In the '70's weaners here were around $25 and we thought that was too much. Even adjusted for inflation that is less than now. Adjusted it would be about winter weaner price I think. 60 to 70 bucks or so.


----------



## Vahomesteaders (Jun 4, 2014)

Last year was high due to ped. It's balanced out now abs actually grew in supply beyond the futures predicted. In our area there was no ped. So supply crushed demand.


----------



## Spysar (Mar 30, 2013)

Just paid $65 a piece for a litter of piglets in upstate NY.


----------



## gerold (Jul 18, 2011)

Spysar said:


> Just paid $65 a piece for a litter of piglets in upstate NY.


That's a very good price this time of year. 

I sell almost all my pigs to 4H and FFA folks. They set the price they will pay for my piglets. I have the pigs they want so they bid the price up high. I can't complain about the price i get for my 6-8 week old piglets. I could sell 100 more if i had them. 

I sell Yorks, Blue-butts, Hereford,Old spot, and Poland China.


----------



## krackin (Nov 2, 2014)

Still hard winter in upstate NY though Gerold. It will be for another month. 

I'm hoping oil stays low enough to get us through the year. It takes a long time to catch up all production and shipping costs.


----------



## gerold (Jul 18, 2011)

krackin said:


> Still hard winter in upstate NY though Gerold. It will be for another month.
> 
> I'm hoping oil stays low enough to get us through the year. It takes a long time to catch up all production and shipping costs.


I hve folks coming from west of here and also some that drive a long way from the south for these piglets. 

It has warmed up nicely here. With the price of fuel low for the past few mos. has really helped me. I agree with you if the price of fuel will stay low for another 6-8 mos. would really be nice.


----------



## rininger85 (Feb 29, 2016)

Vahomesteaders said:


> Last year was high due to ped. It's balanced out now abs actually grew in supply beyond the futures predicted. In our area there was no ped. So supply crushed demand.

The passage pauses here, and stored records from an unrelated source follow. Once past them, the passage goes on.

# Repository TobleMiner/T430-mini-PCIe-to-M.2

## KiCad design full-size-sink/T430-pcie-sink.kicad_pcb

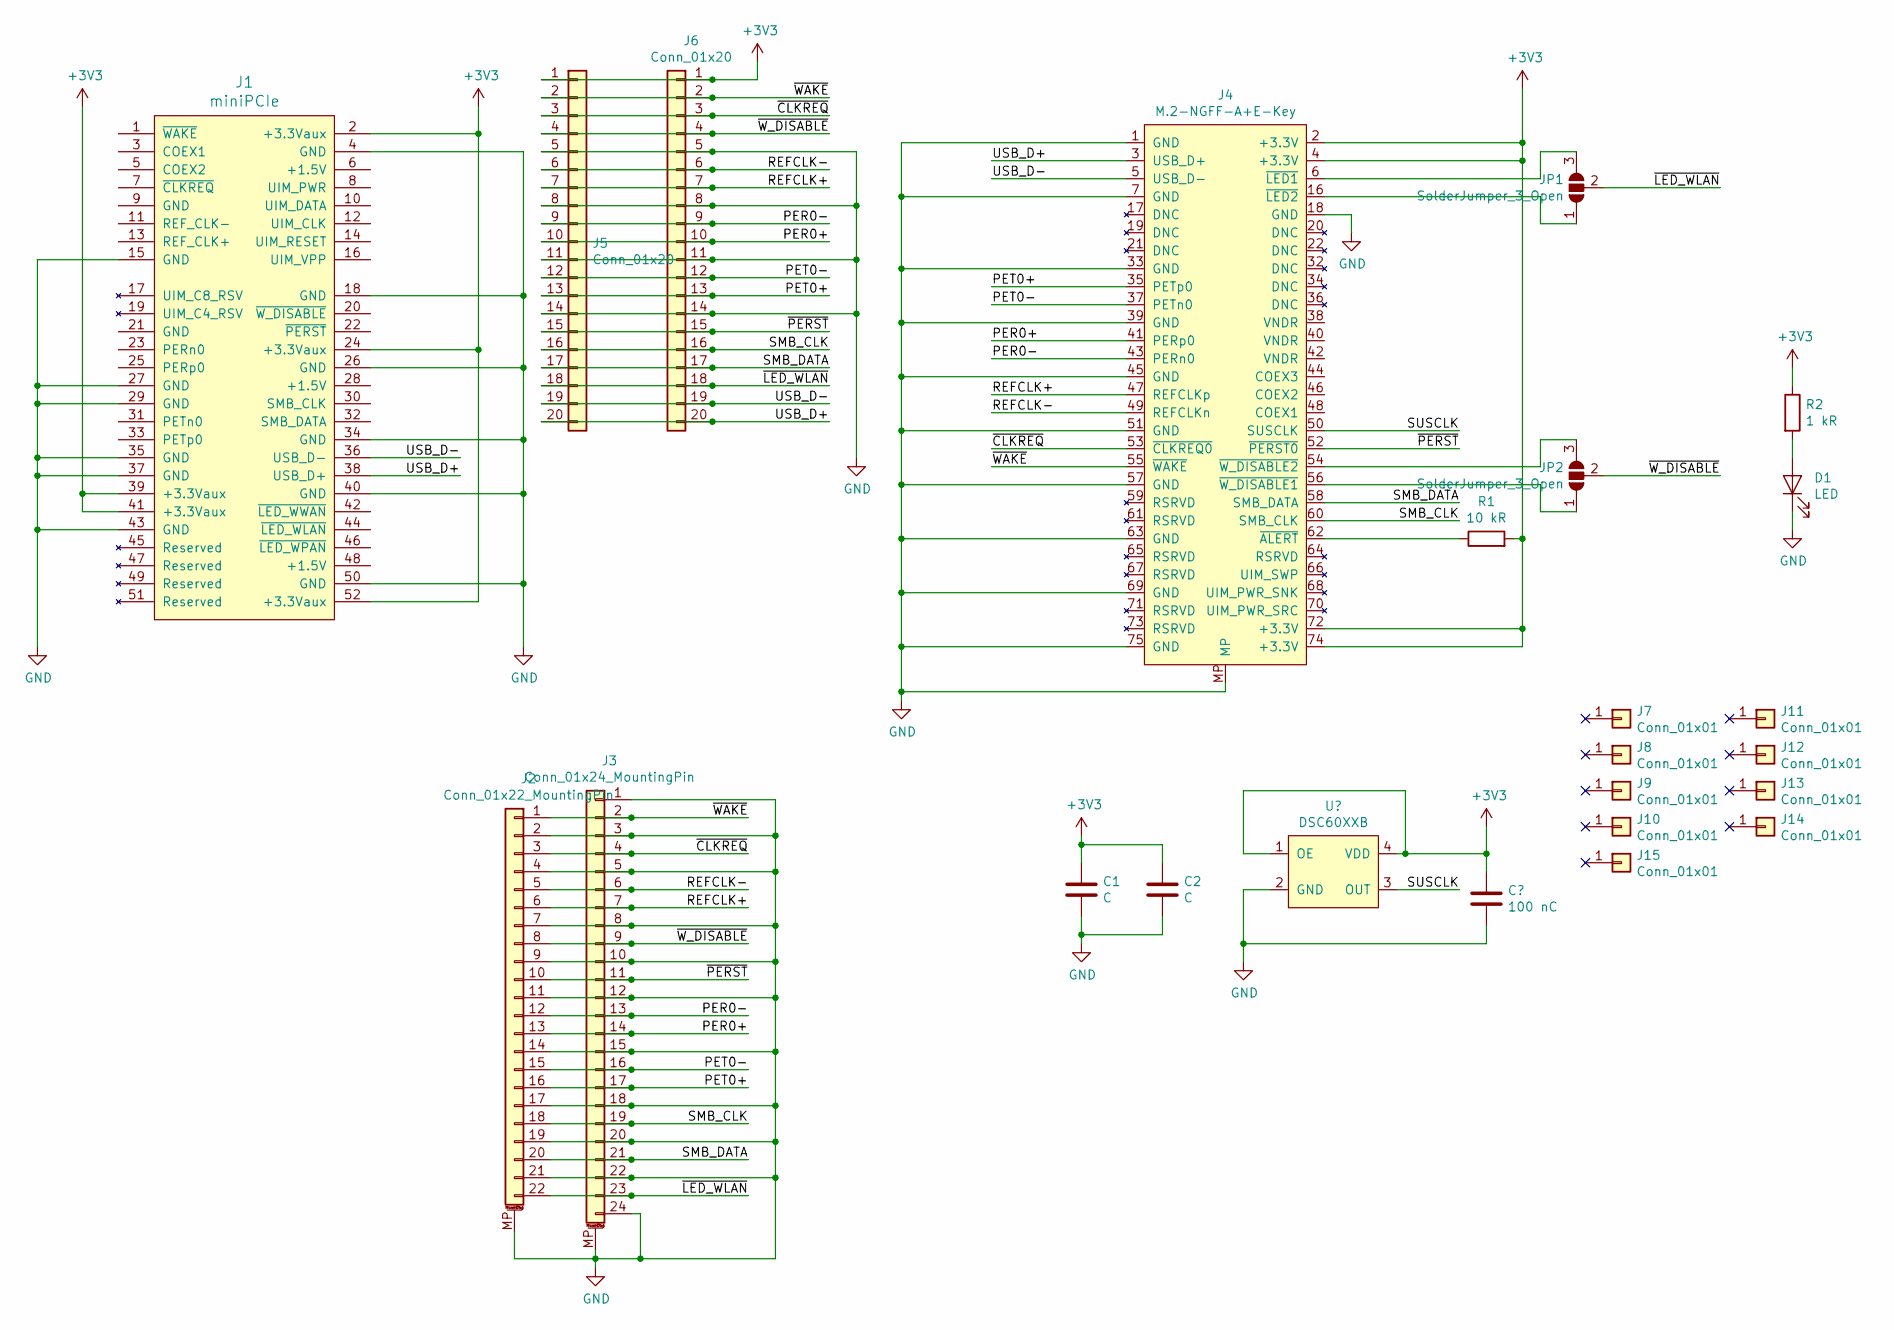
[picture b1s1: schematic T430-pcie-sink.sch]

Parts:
C1, C2: C; C_0805_2012Metric_Pad1.15x1.40mm_HandSolder
D1: LED; LED_0805_2012Metric_Castellated
J1: miniPCIe; mini-PCIe_F1_Full
J2: Conn_01x22_MountingPin; Molex-Easy-On-54548-2271-P0.5
J3: Conn_01x24_MountingPin; Molex-Easy-On-54548-2471-P0.5
J4: M.2-NGFF-A+E-Key; MDTXXXXXX001
J5: Conn_01x20; solder-20p-P1.0
J6: Conn_01x20; castellated-20p-P1.0
J7, J8, J9, J10, J11, J12, J13, J14: Conn_01x01; Pad-2.5x2.5
J15: Conn_01x01; screw-stud
JP1, JP2: SolderJumper_3_Open; SolderJumper-3_P1.3mm_Open_Pad1.0x1.5mm
R1: 10 kR; R_0805_2012Metric_Pad1.15x1.40mm_HandSolder
R2: 1 kR; R_0805_2012Metric_Pad1.15x1.40mm_HandSolder

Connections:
+3V3: C1.1, C2.1, J1.2 (+3.3Vaux), J1.24 (+3.3Vaux), J1.39 (+3.3Vaux), J1.41 (+3.3Vaux), J1.52 (+3.3Vaux), J4.2 (+3.3V), J4.4 (+3.3V), J4.72 (+3.3V), J4.74 (+3.3V), J5.1, J6.1, R1.2, R2.1; also elsewhere on the board
/PER0+: J2.13, J3.14, J4.41 (PERp0), J5.10, J6.10
/PER0-: J2.12, J3.13, J4.43 (PERn0), J5.9, J6.9
/PET0+: J2.16, J3.17, J4.35 (PETp0), J5.13, J6.13
/PET0-: J2.15, J3.16, J4.37 (PETn0), J5.12, J6.12
/REFCLK+: J2.6, J3.7, J4.47 (REFCLKp), J5.7, J6.7
/REFCLK-: J2.5, J3.6, J4.49 (REFCLKn), J5.6, J6.6
/SMB_CLK: J2.18, J3.19, J4.60 (SMB_CLK), J5.16, J6.16
/SMB_DATA: J2.20, J3.21, J4.58 (SMB_DATA), J5.17, J6.17
/SUSCLK: J4.50 (SUSCLK); also elsewhere on the board
/USB_D+: J1.38 (USB_D+), J4.3 (USB_D+), J5.20, J6.20
/USB_D-: J1.36 (USB_D-), J4.5 (USB_D-), J5.19, J6.19
/~CLKREQ: J2.3, J3.4, J4.53 (~CLKREQ0), J5.3, J6.3
/~LED_WLAN: J2.22, J3.23, J5.18, J6.18, JP1.2 (C)
/~PERST: J2.10, J3.11, J4.52 (~PERST0), J5.15, J6.15
/~WAKE: J2.1, J3.2, J4.55 (~WAKE), J5.2, J6.2
/~W_DISABLE: J2.8, J3.9, J5.4, J6.4, JP2.2 (C)
GND: C1.2, C2.2, D1.1 (K), J1.4 (GND), J1.15 (GND), J1.18 (GND), J1.26 (GND), J1.27 (GND), J1.29 (GND), J1.34 (GND), J1.35 (GND), J1.37 (GND), J1.40 (GND), J1.43 (GND), J1.50 (GND), J2.2, J2.4, J2.7, J2.9, J2.11, J2.14, J2.17, J2.19, J2.21, J2.MP (MountPin), J3.1, J3.3, J3.5, J3.8, J3.10, J3.12, J3.15, J3.18, J3.20, J3.22, J3.24, J3.MP (MountPin), J4.1 (GND), J4.7 (GND), J4.18 (GND), J4.33 (GND), J4.39 (GND), J4.45 (GND), J4.51 (GND), J4.57 (GND), J4.63 (GND), J4.69 (GND), J4.75 (GND), J4.MP, J5.5, J5.8, J5.11, J5.14, J6.5, J6.8, J6.11, J6.14; also elsewhere on the board
unnamed: D1.2 (A), R2.2
unnamed: J4.6 (~LED1), JP1.3 (B)
unnamed: J4.16 (~LED2), JP1.1 (A)
unnamed: J4.54 (~W_DISABLE2), JP2.3 (B)
unnamed: J4.56 (~W_DISABLE1), JP2.1 (A)
unnamed: J4.62 (~ALERT), R1.1

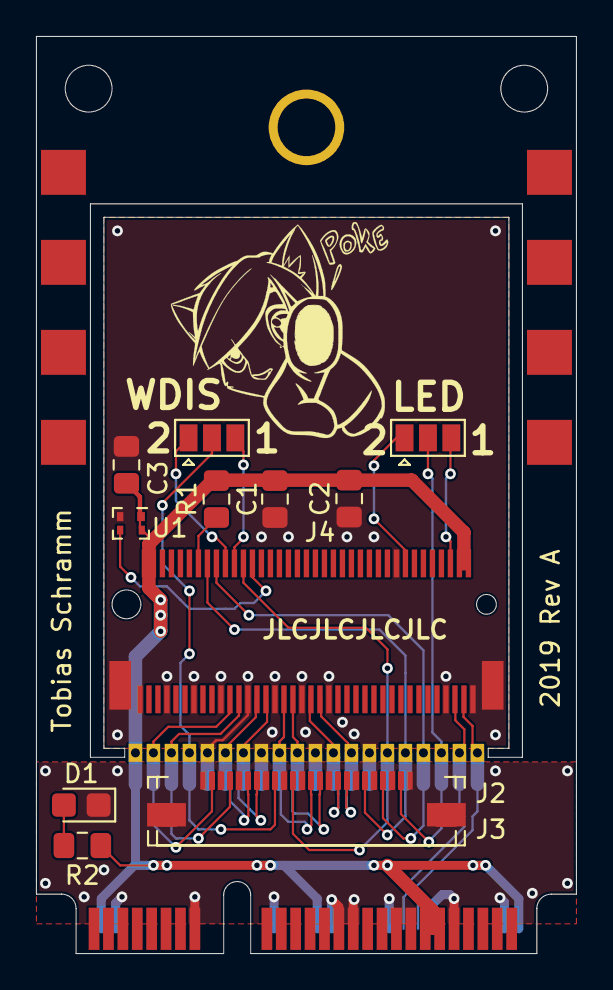
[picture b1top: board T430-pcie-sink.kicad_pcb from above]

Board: 2 copper layers, 30.0 x 51.0 mm, 24 parts (1 on the bottom side), 24 nets.

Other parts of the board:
C3: 100 nC; C_0805_2012Metric_Pad1.15x1.40mm_HandSolder
U1: DSC60XXB; LGA4-1.6x1.2

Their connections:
+3V3: C3.1, U1.1, U1.4; also elsewhere on the board
/SUSCLK: U1.3; also elsewhere on the board
GND: C3.2, U1.2; also elsewhere on the board

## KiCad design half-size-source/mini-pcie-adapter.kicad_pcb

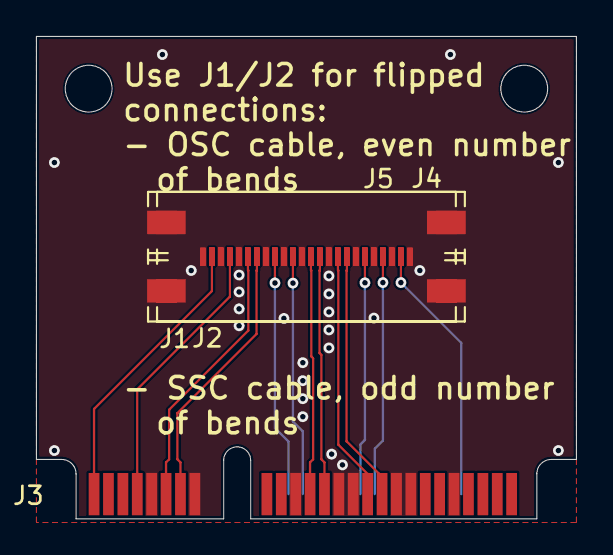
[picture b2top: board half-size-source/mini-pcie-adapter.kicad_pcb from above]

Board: 2 copper layers, 30.0 x 26.8 mm, 5 parts (0 on the bottom side), 14 nets.

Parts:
J1, J4: Conn_01x22_MountingPin; Molex-Easy-On-54548-2271-P0.5
J2, J5: Conn_01x24_MountingPin; Molex-Easy-On-54548-2471-P0.5
J3: miniPCIe; mini-PCIe_H1_Half

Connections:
/PER0+: J1.13, J2.14, J3.25, J4.10, J5.11
/PER0-: J1.12, J2.13, J3.23, J4.11, J5.12
/PET0+: J1.16, J2.17, J3.33, J4.7, J5.8
/PET0-: J1.15, J2.16, J3.31, J4.8, J5.9
/REF_CLK+: J1.6, J2.7, J3.13, J4.17, J5.18
/REF_CLK-: J1.5, J2.6, J3.11, J4.18, J5.19
/SMB_CLK: J1.18, J2.19, J3.30, J4.5, J5.6
/SMB_DATA: J1.20, J2.21, J3.32, J4.3, J5.4
/~CLKREQ: J1.3, J2.4, J3.7, J4.20, J5.21
/~LED_WLAN: J1.22, J2.23, J3.44, J4.1, J5.2
/~PERST: J1.10, J2.11, J3.22, J4.13, J5.14
/~WAKE: J1.1, J2.2, J3.1, J4.22, J5.23
/~W_DISABLE: J1.8, J2.9, J3.20, J4.15, J5.16
GND: J1.2, J1.4, J1.7, J1.9, J1.11, J1.14, J1.17, J1.19, J1.21, J1.MP, J2.1, J2.3, J2.5, J2.8, J2.10, J2.12, J2.15, J2.18, J2.20, J2.22, J2.24, J2.MP, J3.4, J3.9, J3.15, J3.18, J3.21, J3.26, J3.27, J3.29, J3.34, J3.35, J3.37, J3.40, J3.43, J3.50, J4.2, J4.4, J4.6, J4.9, J4.12, J4.14, J4.16, J4.19, J4.21, J4.MP, J5.1, J5.3, J5.5, J5.7, J5.10, J5.13, J5.15, J5.17, J5.20, J5.22, J5.24, J5.MP

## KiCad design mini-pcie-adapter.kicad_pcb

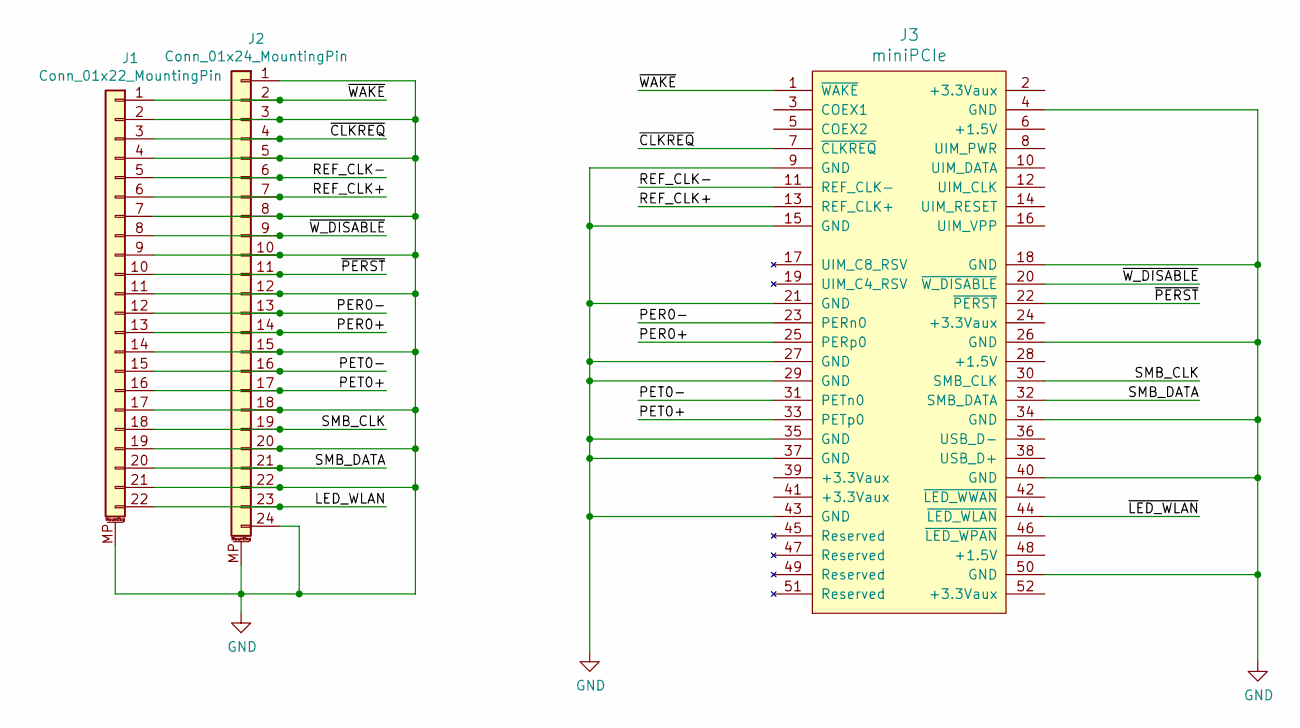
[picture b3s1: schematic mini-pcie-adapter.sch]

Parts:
J1: Conn_01x22_MountingPin; Molex-Easy-On-54548-2271-P0.5
J2: Conn_01x24_MountingPin; Molex-Easy-On-54548-2471-P0.5
J3: miniPCIe; mini-PCIe_H1_Half

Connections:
/LED_WLAN: J1.22, J2.23
/PER0+: J1.13, J2.14, J3.25 (PERp0)
/PER0-: J1.12, J2.13, J3.23 (PERn0)
/PET0+: J1.16, J2.17, J3.33 (PETp0)
/PET0-: J1.15, J2.16, J3.31 (PETn0)
/REF_CLK+: J1.6, J2.7, J3.13 (REF_CLK+)
/REF_CLK-: J1.5, J2.6, J3.11 (REF_CLK-)
/SMB_CLK: J1.18, J2.19, J3.30 (SMB_CLK)
/SMB_DATA: J1.20, J2.21, J3.32 (SMB_DATA)
/~CLKREQ: J1.3, J2.4, J3.7 (~CLKREQ)
/~LED_WLAN: J3.44 (~LED_WLAN)
/~PERST: J1.10, J2.11, J3.22 (~PERST)
/~WAKE: J1.1, J2.2, J3.1 (~WAKE)
/~W_DISABLE: J1.8, J2.9, J3.20 (~W_DISABLE)
GND: J1.2, J1.4, J1.7, J1.9, J1.11, J1.14, J1.17, J1.19, J1.21, J1.MP (MountPin), J2.1, J2.3, J2.5, J2.8, J2.10, J2.12, J2.15, J2.18, J2.20, J2.22, J2.24, J2.MP (MountPin), J3.4 (GND), J3.9 (GND), J3.15 (GND), J3.18 (GND), J3.21 (GND), J3.26 (GND), J3.27 (GND), J3.29 (GND), J3.34 (GND), J3.35 (GND), J3.37 (GND), J3.40 (GND), J3.43 (GND), J3.50 (GND)

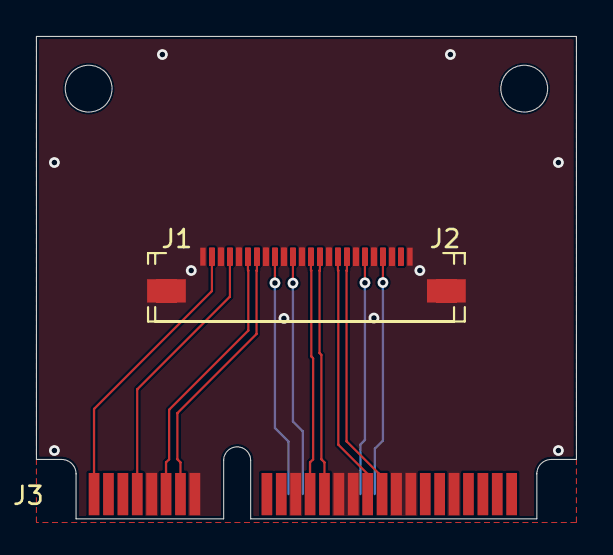
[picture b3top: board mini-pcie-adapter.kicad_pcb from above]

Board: 2 copper layers, 30.0 x 26.8 mm, 3 parts (0 on the bottom side), 14 nets.

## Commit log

2019-10-02 Add full-size FFC -> M.2 adapter
2019-10-02 De-skew PCIe lane 0 RX
2019-10-02 Move half-size adapter to separate project
2019-10-03 Add suspend oscillator
    Seems to be mandatory in the NGFF M.2 spec

Up here I think people are still trying to get the inflated prices that they had last year though... not worried about it for this year I guess since I already have the two I plan to raise for this year, so will keep my fingers crossed that they aren't able to sell them at the inflated price this year and that it will be lower next year.


----------



## gerold (Jul 18, 2011)

homesteader824 said:


> I've been looking at feeder pigs on Craigslist the last three months. The prices have been coming down. Are the lower prices due to the fact it's winter and more cost/trouble to raise pigs, or do you think the lower prices will be there when spring comes?


Depending on who you buy from and breed of hog and also how they were raised will determine the price of the hog in most cases. 

You will find the cheapest most times at hog auctions at local auction barns. That is where a lot of hogs at dumped because they can't sell them anywhere else. If you know where the pigs came from and how they were raised can be a good buy at a lower price. I see factory hogs that go to local auctions because they don't meet the standard for sale it their regular place of sale. You can see the price of these factory type hogs on the stock market reports each day. I have looked at hogs at a lot of different big hog factories. They are all lean hogs that are grown fast and lean for the regular markets.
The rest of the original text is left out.